Thirdly, performing text semantic segmentation in parallel while performing video segmentation, and completing the task by adopting a Transformer, wherein the Transformer consists of self-attention and Feed Forward Neural Network, and in an encoder of the Transformer, data first passes through a module called self-attention ' to obtain a weighted feature vector Z which is expressed as a ' self-attention ' module

After obtaining Z, it is sent to the next module of the encoder, i.e. a Feed Forward Neural Network, which is fully connected with two layers, the activation function of the first layer is ReLU and the second layer is a linear activation function, which can be expressed as ffn (Z) ═ max (0, ZW) ₁ +b ₁ )W ₂ +b ₂ Two attentions are used to compute the weights of input and output, respectively: self-orientation: the relationship between the current translation and the translated context; Encoder-Decnoder Attention: the relationship between the current translated and encoded feature vectors. The structure is very suitable for a task of semantic understanding, a text required by a user is input into a transform, semantic labels which are logically arranged according to text semantics are output through the text understanding, and the semantic labels are mostly presented in a primitive form.

Finally, it should be noted that: the above embodiments are only for illustrating the technical solutions of the present invention and not for limiting the same, and although the present invention is described in detail with reference to the preferred embodiments, those of ordinary skill in the art should understand that: modifications and equivalents may be made to the invention without departing from the spirit and scope of the invention.

Claims

1. An automatic editing method based on deep learning, self-attention mechanism and symbolic reasoning is characterized by comprising the following steps:

s3, establishing a primitive library of the video content to be described;

s11, sorting the videos according to the matching result of the step S10;

2. The automatic clipping method based on deep learning, self-attention mechanism and symbolic reasoning according to claim 1, wherein:

outputting a video with a label specifically comprises the steps of firstly collecting a large number of unprocessed video segments, using the collected video segments as input into a multichannel pre-trained RVM network, deleting low-quality segments caused by operation errors or environmental factors, and outputting high-quality segments without defects;

secondly, after obtaining high-quality video clips, enabling the high-quality video clips to enter HAKE as input, enabling the HAKE to understand video content through three stages of work, building a primitive library in the related field, continuously expanding the capacity of the primitive library as required, combining the primitives according to language logic by using a logic inference rule, labeling the video content by using CNN, and outputting the video with labels.
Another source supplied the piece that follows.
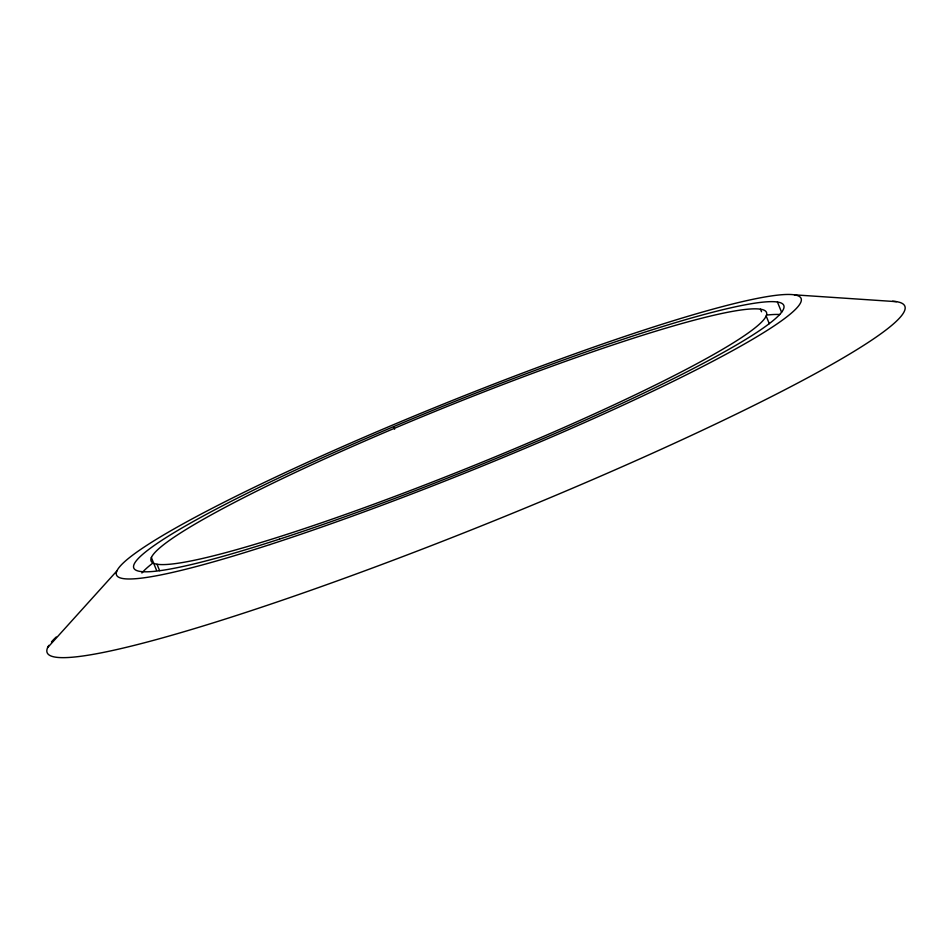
<?xml version="1.0" encoding="UTF-8"?>
<svg xmlns="http://www.w3.org/2000/svg" width="952" height="952" viewBox="0 0 952 952"><rect width="100%" height="100%" fill="white"/><g stroke="black" fill="none" stroke-linecap="round" stroke-linejoin="round"><path stroke-width="1.43" d="M47.6 647.658L116.775 571.045M794.408 294.834L896.475 301.665M777.439 302.01L781.58 312.256M766.17 315.993A331.891 32.392 -22 0 1 289.039 533.667A331.891 32.392 -22 0 1 321.062 460.53A331.891 32.392 -22 0 1 766.17 315.993L769.275 323.68M760.481 309.186L761.517 311.744M393.581 426.651L394.616 429.209M157.032 564.286L159.615 570.688M151.344 557.467L156.521 570.272M141.907 572.997A350.562 34.212 -22 0 1 152.177 563.584M767.526 314.993A350.562 34.212 -22 0 1 779.676 314.517M892.536 301.26A462.517 45.137 -22 0 1 507.333 515.401A462.517 45.137 -22 0 1 48.849 645.361M51.468 641.91A462.517 45.137 -22 0 1 56.239 637.007M269.951 544.568A369.221 36.033 -22 0 0 800.739 302.427A369.221 36.033 -22 0 0 305.58 463.207A369.221 36.033 -22 0 0 269.951 544.568M279.495 539.118A350.562 34.212 -22 0 0 783.448 309.21A350.562 34.212 -22 0 0 313.327 461.863A350.562 34.212 -22 0 0 279.495 539.118"/></g></svg>

3. The automatic editing method based on deep learning, self-attention mechanism and symbolic reasoning according to claim 1, wherein the building work of the primitive library is divided into three steps:

After obtaining Z, it is sent to the next module of the encoder, i.e. a Feed Forward Neural Network, which is fully connected with two layers, the activation function of the first layer is ReLU and the second layer is a linear activation function, which can be expressed as ffn (Z) ═ max (0, ZW) ₁ +b ₁ )W ₂ +b ₂ The two attentions are respectively used for calculating input and output weights, inputting a required text of a user into a transformer, outputting semantic labels which are logically arranged according to the text semantics through understanding the text, and displaying the semantic labels in a primitive form;

and finally, comparing the video tags with the text tags by adopting a common comparison algorithm, matching within a certain fault tolerance range, sequencing the video contents according to the sequence of the text tags, and finally obtaining high-quality video fragments which are arranged according to the text semantic sequence, namely the video fragments can be used as fragments.